(Stored data entries)
:::::
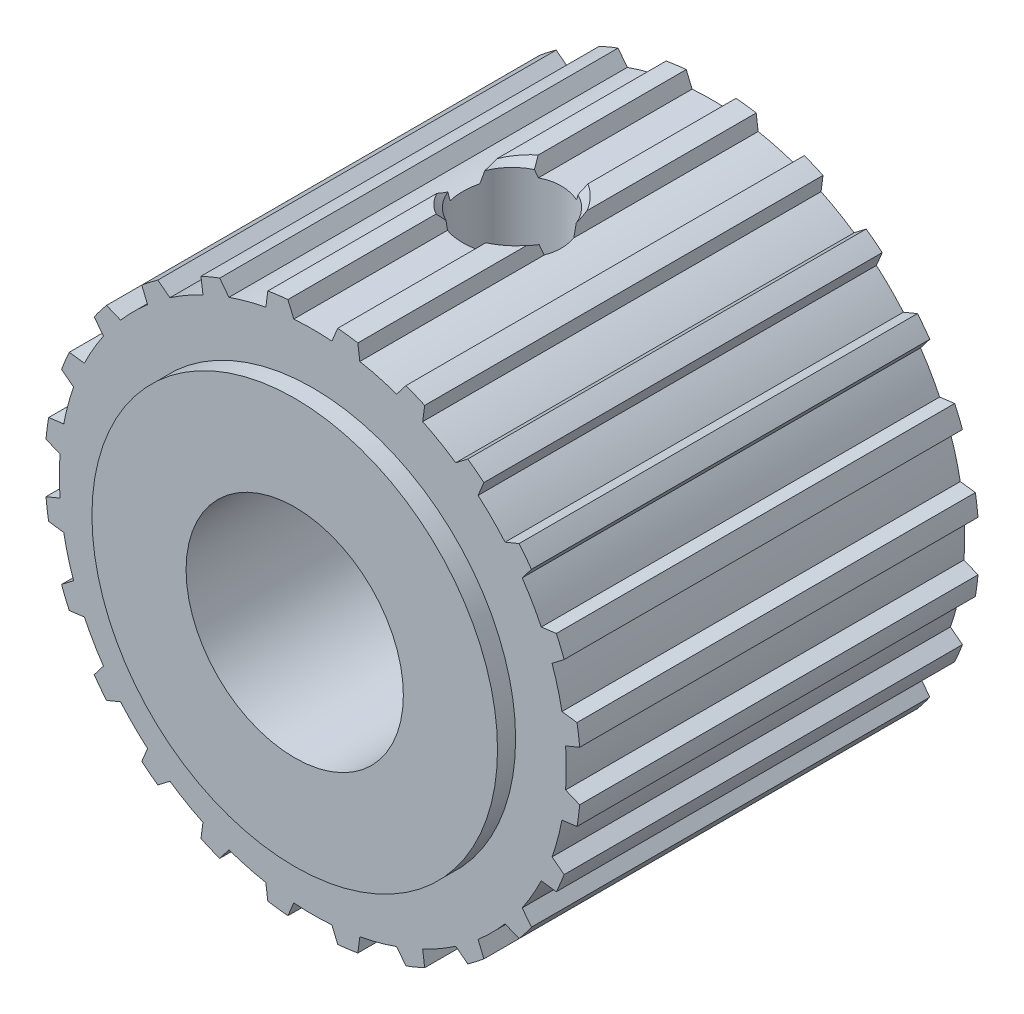
SolidWorks part; units mm, degrees
ref_plane "Face" through (0, 0, 0) normal (0, 0, 1) x (1, 0, 0)
ref_plane "Dessus" through (0, 0, 0) normal (0, 1, 0) x (1, 0, 0)
ref_plane "Droite" through (0, 0, 0) normal (1, 0, 0) x (0, 0, -1)
sketch "Esquisse1" plane through (0, 0, 0) normal (0, 0, 1) x (1, 0, 0)
  line L0 (0, 0) -> (0, 69.2099) construction
  circle A0 centre (0, 0) radius 7.5
  circle A1 centre (0, 0) radius 18.5
  dimension "D1" = 37
  dimension "D2" = 15
extrude "Base-Extrusion" add sketch "Esquisse1" along normal mid plane 30
sketch "Esquisse9" plane through (0, 0, 0) normal (1, 0, 0) x (0, 0, -1)
  line L0 (-15, 18.5) -> (15, 18.5)
  line L1 (-15, 18.5) -> (15, 18.5)
  line L2 (15, -18.5) -> (-15, -18.5)
sketch "Esquisse2" plane through (0, 0, 15) normal (0, 0, 1) x (1, 0, 0)
  line L0 (0, 0) -> (-2.4147, 18.3417) construction
  line L1 (0, 0) -> (2.4147, 18.3417) construction
  line L2 (1.3172, 17.4504) -> (1.7188, 18.42)
  line L3 (-1.3168, 17.4504) -> (-1.7184, 18.42)
  line L4 (0.0002, 17.5) -> (0.0002, 18.5) construction
  arc A0 (1.3172, 17.4504) -> (-1.3168, 17.4504) centre (0, 0) ccw
  circle A1 centre (0, 0) radius 18.5 construction
  arc A3 (1.7188, 18.42) -> (-1.7184, 18.42) centre (0, 0) ccw
  dimension "D2" = 17.5
  dimension "D1" = 15
  dimension "D3" = 15
  dimension "D4" = 15
  dimension "D5" = 2.6339
  dimension "D6" = 0.9722
extrude "Enlèv. mat.-Extru.1" cut sketch "Esquisse2" against normal through all
pattern_circular "Répétition circulaire1" count 24 over 360 about axis through (0, 0, 15) along (0, 0, -1) of "Enlèv. mat.-Extru.1"
ref_plane "Plan4" through (0, 0, 0) normal (0, 0, 1) x (1, 0, 0)
sketch "Esquisse3" plane through (0, 0, -15) normal (0, 0, -1) x (-1, 0, 0)
  circle A0 centre (0, 0) radius 14
  circle A1 centre (0, 0) radius 18.5
  arc A2 (6.4277, -17.3475) -> (7.7218, -16.8114) centre (0, 0) ccw construction
  dimension "D1" = 28
extrude "Enlèv. mat.-Extru.2" cut sketch "Esquisse3" against normal blind 1.25
sketch "Esquisse4" plane through (0, 0, 15) normal (0, 0, 1) x (1, 0, 0)
  circle A0 centre (0, 0) radius 18.5
  circle A1 centre (0, 0) radius 14
  arc A2 (17.3476, 6.4273) -> (16.8116, 7.7215) centre (0, 0) ccw construction
  dimension "D1" = 28
extrude "Enlèv. mat.-Extru.3" cut sketch "Esquisse4" against normal blind 1.25
sketch "Esquisse11" plane through (0, 0, 0) normal (1, 0, 0) x (0, 0, -1)
  line L0 (0, 18.5) -> (0, 0) construction
  line L1 (-15, 18.5) -> (15, 18.5) construction
ref_plane "Plan5" through (0, 18.5, 0) normal (0, -1, 0) x (1, 0, 0)
hole_wizard "Trou taraudé M8x1.251" positions "Esquisse13" profile "Esquisse12" tap size "M8x1.25" standard "ISO" end condition up to next
sketch "Esquisse13" plane through (0, 18.5, 0) normal (0, -1, 0) x (1, 0, 0)
  point P0 (0, 0)
sketch "Esquisse12" plane through (0, 18.5, 0) normal (1, 0, 0) x (0, 0, 1)
  line L0 (0, 0) -> (0, 11)
  line L1 (0, 11) -> (3.4, 11)
  line L2 (3.4, 11) -> (3.4, 0.6)
  line L3 (3.4, 0.6) -> (4, 0)
  line L5 (4, 0) -> (0, 0)
  line L6 (-3.4, 0.6) -> (-4, 0) construction
  line L11 (0, -6.35) -> (0, 107.95) construction
  dimension "Diamètre du trou pour taraudage jusqu'au prochain" = 6.8
  dimension "Profondeur du trou pour taraudage jusqu'au prochain" = 11
  dimension "Diamètre du fraisage entrant" = 8
  dimension "Angle du fraisage entrant" = 90
cosmetic thread "Représentation de filetage1" parameters "D2"=8
:::::
WHAT IS EXPECTED -
Your job is to transcribe the records exactly and in full. Pictures are not part of the copy.

ANSWER FOR THE TASK -
SolidWorks part; units mm, degrees
ref_plane "Face" through (0, 0, 0) normal (0, 0, 1) x (1, 0, 0)
ref_plane "Dessus" through (0, 0, 0) normal (0, 1, 0) x (1, 0, 0)
ref_plane "Droite" through (0, 0, 0) normal (1, 0, 0) x (0, 0, -1)
sketch "Esquisse1" plane through (0, 0, 0) normal (0, 0, 1) x (1, 0, 0)
  line L0 (0, 0) -> (0, 69.2099) construction
  circle A0 centre (0, 0) radius 7.5
  circle A1 centre (0, 0) radius 18.5
  dimension "D1" = 37
  dimension "D2" = 15
extrude "Base-Extrusion" add sketch "Esquisse1" along normal mid plane 30
sketch "Esquisse9" plane through (0, 0, 0) normal (1, 0, 0) x (0, 0, -1)
  line L0 (-15, 18.5) -> (15, 18.5)
  line L1 (-15, 18.5) -> (15, 18.5)
  line L2 (15, -18.5) -> (-15, -18.5)
sketch "Esquisse2" plane through (0, 0, 15) normal (0, 0, 1) x (1, 0, 0)
  line L0 (0, 0) -> (-2.4147, 18.3417) construction
  line L1 (0, 0) -> (2.4147, 18.3417) construction
  line L2 (1.3172, 17.4504) -> (1.7188, 18.42)
  line L3 (-1.3168, 17.4504) -> (-1.7184, 18.42)
  line L4 (0.0002, 17.5) -> (0.0002, 18.5) construction
  arc A0 (1.3172, 17.4504) -> (-1.3168, 17.4504) centre (0, 0) ccw
  circle A1 centre (0, 0) radius 18.5 construction
  arc A3 (1.7188, 18.42) -> (-1.7184, 18.42) centre (0, 0) ccw
  dimension "D2" = 17.5
  dimension "D1" = 15
  dimension "D3" = 15
  dimension "D4" = 15
  dimension "D5" = 2.6339
  dimension "D6" = 0.9722
extrude "Enlèv. mat.-Extru.1" cut sketch "Esquisse2" against normal through all
pattern_circular "Répétition circulaire1" count 24 over 360 about axis through (0, 0, 15) along (0, 0, -1) of "Enlèv. mat.-Extru.1"
ref_plane "Plan4" through (0, 0, 0) normal (0, 0, 1) x (1, 0, 0)
sketch "Esquisse3" plane through (0, 0, -15) normal (0, 0, -1) x (-1, 0, 0)
  circle A0 centre (0, 0) radius 14
  circle A1 centre (0, 0) radius 18.5
  arc A2 (6.4277, -17.3475) -> (7.7218, -16.8114) centre (0, 0) ccw construction
  dimension "D1" = 28
extrude "Enlèv. mat.-Extru.2" cut sketch "Esquisse3" against normal blind 1.25
sketch "Esquisse4" plane through (0, 0, 15) normal (0, 0, 1) x (1, 0, 0)
  circle A0 centre (0, 0) radius 18.5
  circle A1 centre (0, 0) radius 14
  arc A2 (17.3476, 6.4273) -> (16.8116, 7.7215) centre (0, 0) ccw construction
  dimension "D1" = 28
extrude "Enlèv. mat.-Extru.3" cut sketch "Esquisse4" against normal blind 1.25
sketch "Esquisse11" plane through (0, 0, 0) normal (1, 0, 0) x (0, 0, -1)
  line L0 (0, 18.5) -> (0, 0) construction
  line L1 (-15, 18.5) -> (15, 18.5) construction
ref_plane "Plan5" through (0, 18.5, 0) normal (0, -1, 0) x (1, 0, 0)
hole_wizard "Trou taraudé M8x1.251" positions "Esquisse13" profile "Esquisse12" tap size "M8x1.25" standard "ISO" end condition up to next
sketch "Esquisse13" plane through (0, 18.5, 0) normal (0, -1, 0) x (1, 0, 0)
  point P0 (0, 0)
sketch "Esquisse12" plane through (0, 18.5, 0) normal (1, 0, 0) x (0, 0, 1)
  line L0 (0, 0) -> (0, 11)
  line L1 (0, 11) -> (3.4, 11)
  line L2 (3.4, 11) -> (3.4, 0.6)
  line L3 (3.4, 0.6) -> (4, 0)
  line L5 (4, 0) -> (0, 0)
  line L6 (-3.4, 0.6) -> (-4, 0) construction
  line L11 (0, -6.35) -> (0, 107.95) construction
  dimension "Diamètre du trou pour taraudage jusqu'au prochain" = 6.8
  dimension "Profondeur du trou pour taraudage jusqu'au prochain" = 11
  dimension "Diamètre du fraisage entrant" = 8
  dimension "Angle du fraisage entrant" = 90
cosmetic thread "Représentation de filetage1" parameters "D2"=8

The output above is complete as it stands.